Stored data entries
+--

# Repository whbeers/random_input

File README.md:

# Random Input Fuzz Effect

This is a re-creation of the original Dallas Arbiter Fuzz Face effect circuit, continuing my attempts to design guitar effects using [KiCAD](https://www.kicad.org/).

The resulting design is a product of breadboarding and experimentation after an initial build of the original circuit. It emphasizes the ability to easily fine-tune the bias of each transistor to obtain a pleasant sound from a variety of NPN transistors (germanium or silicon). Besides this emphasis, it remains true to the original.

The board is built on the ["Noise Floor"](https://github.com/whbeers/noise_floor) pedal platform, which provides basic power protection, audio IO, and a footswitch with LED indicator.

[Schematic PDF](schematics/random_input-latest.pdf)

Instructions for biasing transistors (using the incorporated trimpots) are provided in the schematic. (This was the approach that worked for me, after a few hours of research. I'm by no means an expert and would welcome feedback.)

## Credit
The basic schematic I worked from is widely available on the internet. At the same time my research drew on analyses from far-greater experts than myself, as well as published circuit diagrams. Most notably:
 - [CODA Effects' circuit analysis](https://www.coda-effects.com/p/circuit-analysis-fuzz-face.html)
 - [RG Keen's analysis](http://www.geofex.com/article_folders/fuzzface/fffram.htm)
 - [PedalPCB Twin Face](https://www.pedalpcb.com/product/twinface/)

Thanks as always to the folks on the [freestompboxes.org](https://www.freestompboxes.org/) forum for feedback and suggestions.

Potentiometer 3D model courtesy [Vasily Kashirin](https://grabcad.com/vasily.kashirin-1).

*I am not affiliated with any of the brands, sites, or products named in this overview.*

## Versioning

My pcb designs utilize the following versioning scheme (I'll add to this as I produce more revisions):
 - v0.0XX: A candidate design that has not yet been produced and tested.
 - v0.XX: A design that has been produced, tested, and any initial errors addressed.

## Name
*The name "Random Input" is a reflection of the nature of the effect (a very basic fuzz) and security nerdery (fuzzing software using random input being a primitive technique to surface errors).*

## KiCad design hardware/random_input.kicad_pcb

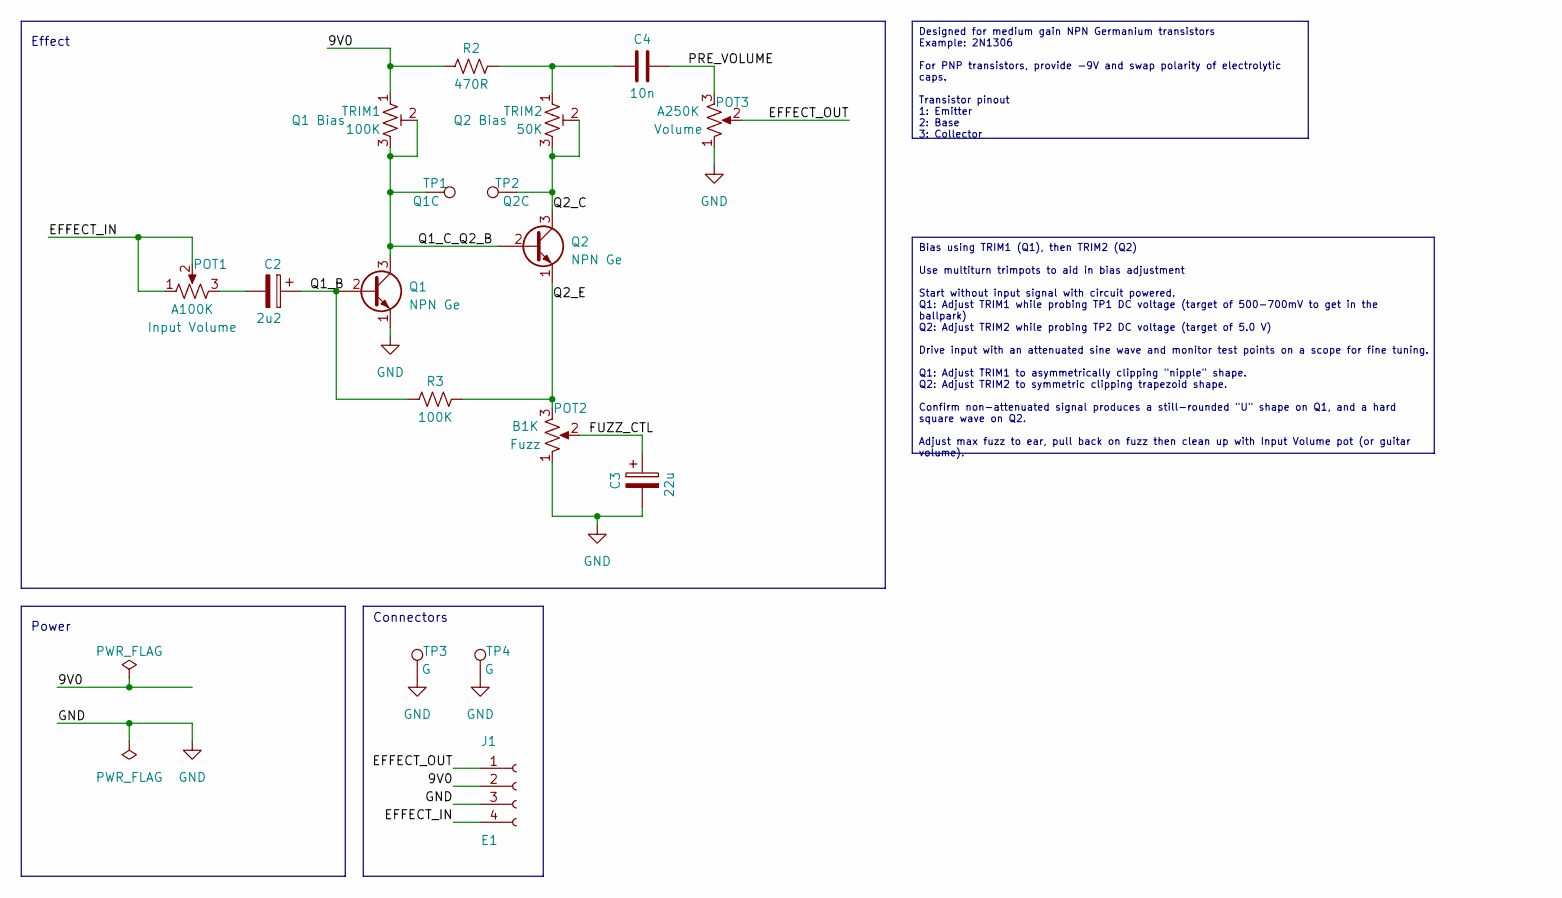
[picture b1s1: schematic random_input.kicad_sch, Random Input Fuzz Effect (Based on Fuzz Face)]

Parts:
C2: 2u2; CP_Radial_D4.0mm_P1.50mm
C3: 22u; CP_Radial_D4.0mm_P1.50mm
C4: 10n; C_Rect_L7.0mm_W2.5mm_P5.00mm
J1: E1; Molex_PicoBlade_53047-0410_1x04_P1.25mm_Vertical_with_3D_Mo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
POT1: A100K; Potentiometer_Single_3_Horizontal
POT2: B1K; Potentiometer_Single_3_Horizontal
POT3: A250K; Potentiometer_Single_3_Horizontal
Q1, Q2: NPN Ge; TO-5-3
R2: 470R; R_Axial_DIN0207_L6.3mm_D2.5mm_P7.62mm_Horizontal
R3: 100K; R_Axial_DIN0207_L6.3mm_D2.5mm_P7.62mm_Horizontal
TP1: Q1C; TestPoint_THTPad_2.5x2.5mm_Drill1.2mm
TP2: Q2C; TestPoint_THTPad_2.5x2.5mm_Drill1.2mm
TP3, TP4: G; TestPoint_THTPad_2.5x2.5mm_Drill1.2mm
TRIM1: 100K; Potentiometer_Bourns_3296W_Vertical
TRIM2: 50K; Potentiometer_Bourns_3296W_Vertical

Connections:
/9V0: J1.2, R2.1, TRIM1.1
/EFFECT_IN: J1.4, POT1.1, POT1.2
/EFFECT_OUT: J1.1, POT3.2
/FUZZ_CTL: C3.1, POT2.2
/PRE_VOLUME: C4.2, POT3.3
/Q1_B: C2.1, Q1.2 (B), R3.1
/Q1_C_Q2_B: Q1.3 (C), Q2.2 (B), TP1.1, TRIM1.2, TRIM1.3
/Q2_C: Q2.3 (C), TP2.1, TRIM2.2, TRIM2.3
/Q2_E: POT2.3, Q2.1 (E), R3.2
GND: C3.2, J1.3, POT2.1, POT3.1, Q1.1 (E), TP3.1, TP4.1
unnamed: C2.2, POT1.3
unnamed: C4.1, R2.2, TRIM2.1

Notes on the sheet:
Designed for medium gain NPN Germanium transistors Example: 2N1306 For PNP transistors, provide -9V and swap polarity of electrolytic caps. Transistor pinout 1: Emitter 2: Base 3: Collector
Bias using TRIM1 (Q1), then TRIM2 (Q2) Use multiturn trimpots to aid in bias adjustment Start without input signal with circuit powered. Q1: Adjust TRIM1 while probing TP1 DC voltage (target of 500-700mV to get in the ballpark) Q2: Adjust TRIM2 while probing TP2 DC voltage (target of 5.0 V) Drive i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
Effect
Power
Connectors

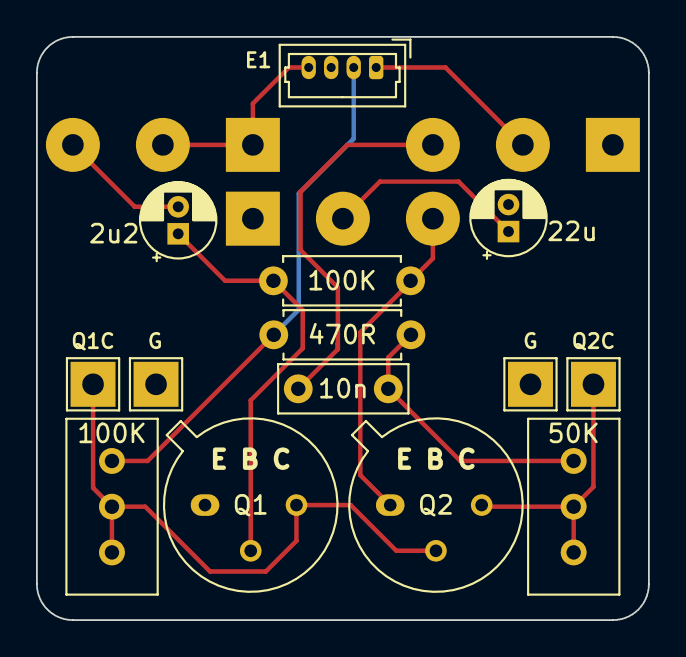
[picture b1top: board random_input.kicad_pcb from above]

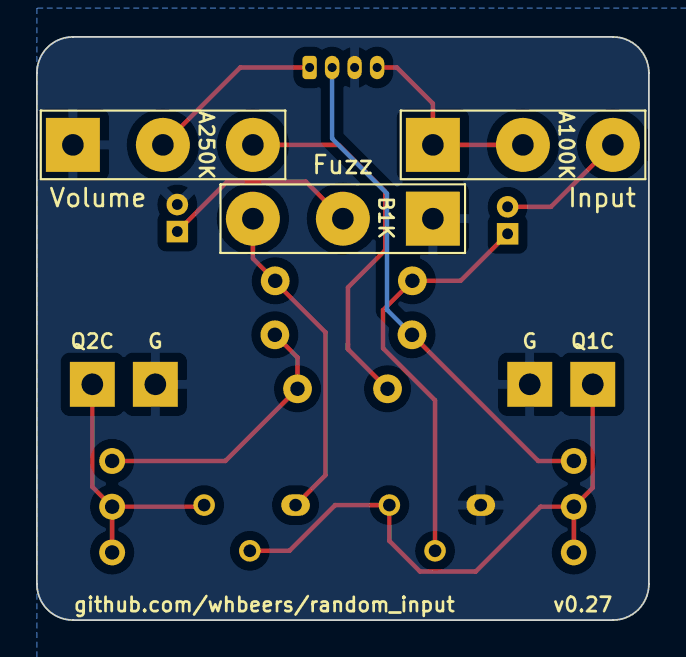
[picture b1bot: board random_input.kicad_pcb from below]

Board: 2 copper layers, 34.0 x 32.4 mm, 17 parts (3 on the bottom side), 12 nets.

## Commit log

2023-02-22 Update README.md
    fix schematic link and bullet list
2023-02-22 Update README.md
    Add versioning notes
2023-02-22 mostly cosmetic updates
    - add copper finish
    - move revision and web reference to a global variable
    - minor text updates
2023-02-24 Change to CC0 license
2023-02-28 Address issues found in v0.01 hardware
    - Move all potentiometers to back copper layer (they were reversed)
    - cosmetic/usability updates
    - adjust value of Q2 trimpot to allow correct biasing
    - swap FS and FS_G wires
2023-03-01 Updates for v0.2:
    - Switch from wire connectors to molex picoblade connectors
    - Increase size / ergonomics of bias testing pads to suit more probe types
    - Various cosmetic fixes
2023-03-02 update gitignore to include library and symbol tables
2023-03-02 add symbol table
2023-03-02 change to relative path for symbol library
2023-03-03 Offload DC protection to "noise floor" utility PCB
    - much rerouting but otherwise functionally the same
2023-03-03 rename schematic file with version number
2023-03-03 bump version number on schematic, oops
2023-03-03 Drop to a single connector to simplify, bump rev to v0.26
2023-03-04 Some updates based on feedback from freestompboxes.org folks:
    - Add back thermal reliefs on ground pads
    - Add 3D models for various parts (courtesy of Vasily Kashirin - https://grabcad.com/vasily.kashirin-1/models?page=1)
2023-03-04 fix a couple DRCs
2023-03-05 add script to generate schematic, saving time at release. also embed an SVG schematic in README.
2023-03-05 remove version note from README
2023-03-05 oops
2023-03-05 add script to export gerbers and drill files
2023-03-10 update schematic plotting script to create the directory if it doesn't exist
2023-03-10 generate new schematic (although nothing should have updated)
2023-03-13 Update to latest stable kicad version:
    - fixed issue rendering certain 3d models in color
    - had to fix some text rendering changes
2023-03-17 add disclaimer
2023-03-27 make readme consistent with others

+--

## The task
Would you output the data exactly, without any of its images?

## Completed exercise
# Repository whbeers/random_input

File README.md:

# Random Input Fuzz Effect

This is a re-creation of the original Dallas Arbiter Fuzz Face effect circuit, continuing my attempts to design guitar effects using [KiCAD](https://www.kicad.org/).

The resulting design is a product of breadboarding and experimentation after an initial build of the original circuit. It emphasizes the ability to easily fine-tune the bias of each transistor to obtain a pleasant sound from a variety of NPN transistors (germanium or silicon). Besides this emphasis, it remains true to the original.

The board is built on the ["Noise Floor"](https://github.com/whbeers/noise_floor) pedal platform, which provides basic power protection, audio IO, and a footswitch with LED indicator.

[Schematic PDF](schematics/random_input-latest.pdf)

Instructions for biasing transistors (using the incorporated trimpots) are provided in the schematic. (This was the approach that worked for me, after a few hours of research. I'm by no means an expert and would welcome feedback.)

## Credit
The basic schematic I worked from is widely available on the internet. At the same time my research drew on analyses from far-greater experts than myself, as well as published circuit diagrams. Most notably:
 - [CODA Effects' circuit analysis](https://www.coda-effects.com/p/circuit-analysis-fuzz-face.html)
 - [RG Keen's analysis](http://www.geofex.com/article_folders/fuzzface/fffram.htm)
 - [PedalPCB Twin Face](https://www.pedalpcb.com/product/twinface/)

Thanks as always to the folks on the [freestompboxes.org](https://www.freestompboxes.org/) forum for feedback and suggestions.

Potentiometer 3D model courtesy [Vasily Kashirin](https://grabcad.com/vasily.kashirin-1).

*I am not affiliated with any of the brands, sites, or products named in this overview.*

## Versioning

My pcb designs utilize the following versioning scheme (I'll add to this as I produce more revisions):
 - v0.0XX: A candidate design that has not yet been produced and tested.
 - v0.XX: A design that has been produced, tested, and any initial errors addressed.

## Name
*The name "Random Input" is a reflection of the nature of the effect (a very basic fuzz) and security nerdery (fuzzing software using random input being a primitive technique to surface errors).*

## KiCad design hardware/random_input.kicad_pcb

[picture b1s1: schematic random_input.kicad_sch, Random Input Fuzz Effect (Based on Fuzz Face)]

Parts:
C2: 2u2; CP_Radial_D4.0mm_P1.50mm
C3: 22u; CP_Radial_D4.0mm_P1.50mm
C4: 10n; C_Rect_L7.0mm_W2.5mm_P5.00mm
J1: E1; Molex_PicoBlade_53047-0410_1x04_P1.25mm_Vertical_with_3D_Mo
POT1: A100K; Potentiometer_Single_3_Horizontal
POT2: B1K; Potentiometer_Single_3_Horizontal
POT3: A250K; Potentiometer_Single_3_Horizontal
Q1, Q2: NPN Ge; TO-5-3
R2: 470R; R_Axial_DIN0207_L6.3mm_D2.5mm_P7.62mm_Horizontal
R3: 100K; R_Axial_DIN0207_L6.3mm_D2.5mm_P7.62mm_Horizontal
TP1: Q1C; TestPoint_THTPad_2.5x2.5mm_Drill1.2mm
TP2: Q2C; TestPoint_THTPad_2.5x2.5mm_Drill1.2mm
TP3, TP4: G; TestPoint_THTPad_2.5x2.5mm_Drill1.2mm
TRIM1: 100K; Potentiometer_Bourns_3296W_Vertical
TRIM2: 50K; Potentiometer_Bourns_3296W_Vertical

Connections:
/9V0: J1.2, R2.1, TRIM1.1
/EFFECT_IN: J1.4, POT1.1, POT1.2
/EFFECT_OUT: J1.1, POT3.2
/FUZZ_CTL: C3.1, POT2.2
/PRE_VOLUME: C4.2, POT3.3
/Q1_B: C2.1, Q1.2 (B), R3.1
/Q1_C_Q2_B: Q1.3 (C), Q2.2 (B), TP1.1, TRIM1.2, TRIM1.3
/Q2_C: Q2.3 (C), TP2.1, TRIM2.2, TRIM2.3
/Q2_E: POT2.3, Q2.1 (E), R3.2
GND: C3.2, J1.3, POT2.1, POT3.1, Q1.1 (E), TP3.1, TP4.1
unnamed: C2.2, POT1.3
unnamed: C4.1, R2.2, TRIM2.1

Notes on the sheet:
Designed for medium gain NPN Germanium transistors Example: 2N1306 For PNP transistors, provide -9V and swap polarity of electrolytic caps. Transistor pinout 1: Emitter 2: Base 3: Collector
Bias using TRIM1 (Q1), then TRIM2 (Q2) Use multiturn trimpots to aid in bias adjustment Start without input signal with circuit powered. Q1: Adjust TRIM1 while probing TP1 DC voltage (target of 500-700mV to get in the ballpark) Q2: Adjust TRIM2 while probing TP2 DC voltage (target of 5.0 V) Drive i
Effect
Power
Connectors

[picture b1top: board random_input.kicad_pcb from above]

[picture b1bot: board random_input.kicad_pcb from below]

Board: 2 copper layers, 34.0 x 32.4 mm, 17 parts (3 on the bottom side), 12 nets.

## Commit log

2023-02-22 Update README.md
    fix schematic link and bullet list
2023-02-22 Update README.md
    Add versioning notes
2023-02-22 mostly cosmetic updates
    - add copper finish
    - move revision and web reference to a global variable
    - minor text updates
2023-02-24 Change to CC0 license
2023-02-28 Address issues found in v0.01 hardware
    - Move all potentiometers to back copper layer (they were reversed)
    - cosmetic/usability updates
    - adjust value of Q2 trimpot to allow correct biasing
    - swap FS and FS_G wires
2023-03-01 Updates for v0.2:
    - Switch from wire connectors to molex picoblade connectors
    - Increase size / ergonomics of bias testing pads to suit more probe types
    - Various cosmetic fixes
2023-03-02 update gitignore to include library and symbol tables
2023-03-02 add symbol table
2023-03-02 change to relative path for symbol library
2023-03-03 Offload DC protection to "noise floor" utility PCB
    - much rerouting but otherwise functionally the same
2023-03-03 rename schematic file with version number
2023-03-03 bump version number on schematic, oops
2023-03-03 Drop to a single connector to simplify, bump rev to v0.26
2023-03-04 Some updates based on feedback from freestompboxes.org folks:
    - Add back thermal reliefs on ground pads
    - Add 3D models for various parts (courtesy of Vasily Kashirin - https://grabcad.com/vasily.kashirin-1/models?page=1)
2023-03-04 fix a couple DRCs
2023-03-05 add script to generate schematic, saving time at release. also embed an SVG schematic in README.
2023-03-05 remove version note from README
2023-03-05 oops
2023-03-05 add script to export gerbers and drill files
2023-03-10 update schematic plotting script to create the directory if it doesn't exist
2023-03-10 generate new schematic (although nothing should have updated)
2023-03-13 Update to latest stable kicad version:
    - fixed issue rendering certain 3d models in color
    - had to fix some text rendering changes
2023-03-17 add disclaimer
2023-03-27 make readme consistent with others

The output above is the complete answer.